═══ RECORDED DATA

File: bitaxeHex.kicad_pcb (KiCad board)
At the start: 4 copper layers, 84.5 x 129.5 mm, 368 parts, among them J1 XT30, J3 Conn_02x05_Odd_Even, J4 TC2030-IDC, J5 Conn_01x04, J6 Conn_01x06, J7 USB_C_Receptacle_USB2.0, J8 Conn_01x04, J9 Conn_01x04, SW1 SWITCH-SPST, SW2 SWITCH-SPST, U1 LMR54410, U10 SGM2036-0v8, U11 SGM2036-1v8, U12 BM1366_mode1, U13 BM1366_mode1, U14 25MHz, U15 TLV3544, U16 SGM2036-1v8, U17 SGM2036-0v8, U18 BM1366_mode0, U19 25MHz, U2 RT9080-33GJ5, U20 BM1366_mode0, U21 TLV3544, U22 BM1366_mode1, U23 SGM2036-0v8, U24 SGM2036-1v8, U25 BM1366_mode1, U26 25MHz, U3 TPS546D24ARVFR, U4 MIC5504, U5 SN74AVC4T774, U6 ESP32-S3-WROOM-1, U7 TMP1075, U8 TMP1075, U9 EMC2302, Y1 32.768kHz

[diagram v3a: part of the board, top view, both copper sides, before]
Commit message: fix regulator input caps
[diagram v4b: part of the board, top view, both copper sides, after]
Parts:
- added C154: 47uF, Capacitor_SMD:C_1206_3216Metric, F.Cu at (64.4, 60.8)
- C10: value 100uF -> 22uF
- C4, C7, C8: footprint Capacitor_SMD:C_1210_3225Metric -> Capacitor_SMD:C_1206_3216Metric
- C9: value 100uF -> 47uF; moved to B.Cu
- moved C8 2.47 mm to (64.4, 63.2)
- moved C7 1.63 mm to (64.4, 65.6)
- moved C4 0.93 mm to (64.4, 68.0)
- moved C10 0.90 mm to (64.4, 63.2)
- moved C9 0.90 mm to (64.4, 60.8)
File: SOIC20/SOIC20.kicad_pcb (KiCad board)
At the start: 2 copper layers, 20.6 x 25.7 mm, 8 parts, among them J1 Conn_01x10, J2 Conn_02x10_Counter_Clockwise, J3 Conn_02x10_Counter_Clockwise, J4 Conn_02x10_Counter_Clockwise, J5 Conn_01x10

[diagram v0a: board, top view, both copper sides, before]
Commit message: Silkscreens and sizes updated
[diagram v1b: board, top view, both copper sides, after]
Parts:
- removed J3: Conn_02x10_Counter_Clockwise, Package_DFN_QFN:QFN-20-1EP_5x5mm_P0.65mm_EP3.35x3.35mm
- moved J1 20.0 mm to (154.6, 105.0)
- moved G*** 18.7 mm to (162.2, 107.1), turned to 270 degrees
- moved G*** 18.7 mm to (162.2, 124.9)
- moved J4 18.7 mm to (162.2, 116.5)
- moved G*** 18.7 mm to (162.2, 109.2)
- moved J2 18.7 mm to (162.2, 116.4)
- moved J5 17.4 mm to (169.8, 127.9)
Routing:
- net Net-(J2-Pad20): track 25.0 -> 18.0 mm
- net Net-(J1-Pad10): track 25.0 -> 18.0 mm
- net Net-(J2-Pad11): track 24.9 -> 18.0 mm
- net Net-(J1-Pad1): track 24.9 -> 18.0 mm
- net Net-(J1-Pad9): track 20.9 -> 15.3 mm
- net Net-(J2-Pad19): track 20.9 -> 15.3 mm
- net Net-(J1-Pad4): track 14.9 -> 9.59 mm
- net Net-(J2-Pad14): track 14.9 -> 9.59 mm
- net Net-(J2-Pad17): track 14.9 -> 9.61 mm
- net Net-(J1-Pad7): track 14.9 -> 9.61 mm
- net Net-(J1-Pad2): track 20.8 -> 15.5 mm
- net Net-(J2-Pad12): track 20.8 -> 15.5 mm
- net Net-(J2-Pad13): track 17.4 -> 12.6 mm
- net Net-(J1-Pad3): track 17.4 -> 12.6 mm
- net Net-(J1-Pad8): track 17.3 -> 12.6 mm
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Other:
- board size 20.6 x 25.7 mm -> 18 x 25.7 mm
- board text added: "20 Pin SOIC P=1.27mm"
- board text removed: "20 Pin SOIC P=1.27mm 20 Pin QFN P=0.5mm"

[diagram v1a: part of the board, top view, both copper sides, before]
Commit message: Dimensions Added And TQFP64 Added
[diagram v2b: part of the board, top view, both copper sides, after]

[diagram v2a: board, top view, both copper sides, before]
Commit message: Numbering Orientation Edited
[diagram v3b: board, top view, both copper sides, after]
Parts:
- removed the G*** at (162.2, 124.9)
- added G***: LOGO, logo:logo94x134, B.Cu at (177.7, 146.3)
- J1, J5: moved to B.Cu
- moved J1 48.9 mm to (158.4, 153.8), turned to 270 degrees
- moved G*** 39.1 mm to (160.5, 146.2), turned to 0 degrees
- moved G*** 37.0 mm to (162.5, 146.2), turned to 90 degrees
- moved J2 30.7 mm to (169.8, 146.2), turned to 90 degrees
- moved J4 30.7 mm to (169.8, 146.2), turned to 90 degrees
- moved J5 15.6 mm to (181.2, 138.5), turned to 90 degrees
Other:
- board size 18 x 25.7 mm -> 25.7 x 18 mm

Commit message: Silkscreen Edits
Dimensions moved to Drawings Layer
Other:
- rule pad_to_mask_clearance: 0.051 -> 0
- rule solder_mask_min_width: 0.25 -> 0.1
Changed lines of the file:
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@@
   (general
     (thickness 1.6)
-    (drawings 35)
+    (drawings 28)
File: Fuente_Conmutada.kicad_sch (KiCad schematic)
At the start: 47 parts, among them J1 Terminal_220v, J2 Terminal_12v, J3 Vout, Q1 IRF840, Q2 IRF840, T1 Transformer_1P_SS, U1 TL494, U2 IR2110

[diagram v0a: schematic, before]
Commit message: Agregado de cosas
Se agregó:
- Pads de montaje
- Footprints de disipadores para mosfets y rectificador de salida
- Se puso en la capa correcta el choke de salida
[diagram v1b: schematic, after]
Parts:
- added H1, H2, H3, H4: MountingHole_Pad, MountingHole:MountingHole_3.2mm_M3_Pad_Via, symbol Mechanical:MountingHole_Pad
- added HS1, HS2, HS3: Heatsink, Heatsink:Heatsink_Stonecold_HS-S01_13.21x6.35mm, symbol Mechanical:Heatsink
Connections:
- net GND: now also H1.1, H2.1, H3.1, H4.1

══════

WHAT IS REQUIRED: The response should contain each record above, retyped exactly.

REPLY:
File: bitaxeHex.kicad_pcb (KiCad board)
At the start: 4 copper layers, 84.5 x 129.5 mm, 368 parts, among them J1 XT30, J3 Conn_02x05_Odd_Even, J4 TC2030-IDC, J5 Conn_01x04, J6 Conn_01x06, J7 USB_C_Receptacle_USB2.0, J8 Conn_01x04, J9 Conn_01x04, SW1 SWITCH-SPST, SW2 SWITCH-SPST, U1 LMR54410, U10 SGM2036-0v8, U11 SGM2036-1v8, U12 BM1366_mode1, U13 BM1366_mode1, U14 25MHz, U15 TLV3544, U16 SGM2036-1v8, U17 SGM2036-0v8, U18 BM1366_mode0, U19 25MHz, U2 RT9080-33GJ5, U20 BM1366_mode0, U21 TLV3544, U22 BM1366_mode1, U23 SGM2036-0v8, U24 SGM2036-1v8, U25 BM1366_mode1, U26 25MHz, U3 TPS546D24ARVFR, U4 MIC5504, U5 SN74AVC4T774, U6 ESP32-S3-WROOM-1, U7 TMP1075, U8 TMP1075, U9 EMC2302, Y1 32.768kHz

[diagram v3a: part of the board, top view, both copper sides, before]
Commit message: fix regulator input caps
[diagram v4b: part of the board, top view, both copper sides, after]
Parts:
- added C154: 47uF, Capacitor_SMD:C_1206_3216Metric, F.Cu at (64.4, 60.8)
- C10: value 100uF -> 22uF
- C4, C7, C8: footprint Capacitor_SMD:C_1210_3225Metric -> Capacitor_SMD:C_1206_3216Metric
- C9: value 100uF -> 47uF; moved to B.Cu
- moved C8 2.47 mm to (64.4, 63.2)
- moved C7 1.63 mm to (64.4, 65.6)
- moved C4 0.93 mm to (64.4, 68.0)
- moved C10 0.90 mm to (64.4, 63.2)
- moved C9 0.90 mm to (64.4, 60.8)
File: SOIC20/SOIC20.kicad_pcb (KiCad board)
At the start: 2 copper layers, 20.6 x 25.7 mm, 8 parts, among them J1 Conn_01x10, J2 Conn_02x10_Counter_Clockwise, J3 Conn_02x10_Counter_Clockwise, J4 Conn_02x10_Counter_Clockwise, J5 Conn_01x10

[diagram v0a: board, top view, both copper sides, before]
Commit message: Silkscreens and sizes updated
[diagram v1b: board, top view, both copper sides, after]
Parts:
- removed J3: Conn_02x10_Counter_Clockwise, Package_DFN_QFN:QFN-20-1EP_5x5mm_P0.65mm_EP3.35x3.35mm
- moved J1 20.0 mm to (154.6, 105.0)
- moved G*** 18.7 mm to (162.2, 107.1), turned to 270 degrees
- moved G*** 18.7 mm to (162.2, 124.9)
- moved J4 18.7 mm to (162.2, 116.5)
- moved G*** 18.7 mm to (162.2, 109.2)
- moved J2 18.7 mm to (162.2, 116.4)
- moved J5 17.4 mm to (169.8, 127.9)
Routing:
- net Net-(J2-Pad20): track 25.0 -> 18.0 mm
- net Net-(J1-Pad10): track 25.0 -> 18.0 mm
- net Net-(J2-Pad11): track 24.9 -> 18.0 mm
- net Net-(J1-Pad1): track 24.9 -> 18.0 mm
- net Net-(J1-Pad9): track 20.9 -> 15.3 mm
- net Net-(J2-Pad19): track 20.9 -> 15.3 mm
- net Net-(J1-Pad4): track 14.9 -> 9.59 mm
- net Net-(J2-Pad14): track 14.9 -> 9.59 mm
- net Net-(J2-Pad17): track 14.9 -> 9.61 mm
- net Net-(J1-Pad7): track 14.9 -> 9.61 mm
- net Net-(J1-Pad2): track 20.8 -> 15.5 mm
- net Net-(J2-Pad12): track 20.8 -> 15.5 mm
- net Net-(J2-Pad13): track 17.4 -> 12.6 mm
- net Net-(J1-Pad3): track 17.4 -> 12.6 mm
- net Net-(J1-Pad8): track 17.3 -> 12.6 mm
Other:
- board size 20.6 x 25.7 mm -> 18 x 25.7 mm
- board text added: "20 Pin SOIC P=1.27mm"
- board text removed: "20 Pin SOIC P=1.27mm 20 Pin QFN P=0.5mm"

[diagram v1a: part of the board, top view, both copper sides, before]
Commit message: Dimensions Added And TQFP64 Added
[diagram v2b: part of the board, top view, both copper sides, after]

[diagram v2a: board, top view, both copper sides, before]
Commit message: Numbering Orientation Edited
[diagram v3b: board, top view, both copper sides, after]
Parts:
- removed the G*** at (162.2, 124.9)
- added G***: LOGO, logo:logo94x134, B.Cu at (177.7, 146.3)
- J1, J5: moved to B.Cu
- moved J1 48.9 mm to (158.4, 153.8), turned to 270 degrees
- moved G*** 39.1 mm to (160.5, 146.2), turned to 0 degrees
- moved G*** 37.0 mm to (162.5, 146.2), turned to 90 degrees
- moved J2 30.7 mm to (169.8, 146.2), turned to 90 degrees
- moved J4 30.7 mm to (169.8, 146.2), turned to 90 degrees
- moved J5 15.6 mm to (181.2, 138.5), turned to 90 degrees
Other:
- board size 18 x 25.7 mm -> 25.7 x 18 mm

Commit message: Silkscreen Edits
Dimensions moved to Drawings Layer
Other:
- rule pad_to_mask_clearance: 0.051 -> 0
- rule solder_mask_min_width: 0.25 -> 0.1
Changed lines of the file:
@@
   (general
     (thickness 1.6)
-    (drawings 35)
+    (drawings 28)
File: Fuente_Conmutada.kicad_sch (KiCad schematic)
At the start: 47 parts, among them J1 Terminal_220v, J2 Terminal_12v, J3 Vout, Q1 IRF840, Q2 IRF840, T1 Transformer_1P_SS, U1 TL494, U2 IR2110

[diagram v0a: schematic, before]
Commit message: Agregado de cosas
Se agregó:
- Pads de montaje
- Footprints de disipadores para mosfets y rectificador de salida
- Se puso en la capa correcta el choke de salida
[diagram v1b: schematic, after]
Parts:
- added H1, H2, H3, H4: MountingHole_Pad, MountingHole:MountingHole_3.2mm_M3_Pad_Via, symbol Mechanical:MountingHole_Pad
- added HS1, HS2, HS3: Heatsink, Heatsink:Heatsink_Stonecold_HS-S01_13.21x6.35mm, symbol Mechanical:Heatsink
Connections:
- net GND: now also H1.1, H2.1, H3.1, H4.1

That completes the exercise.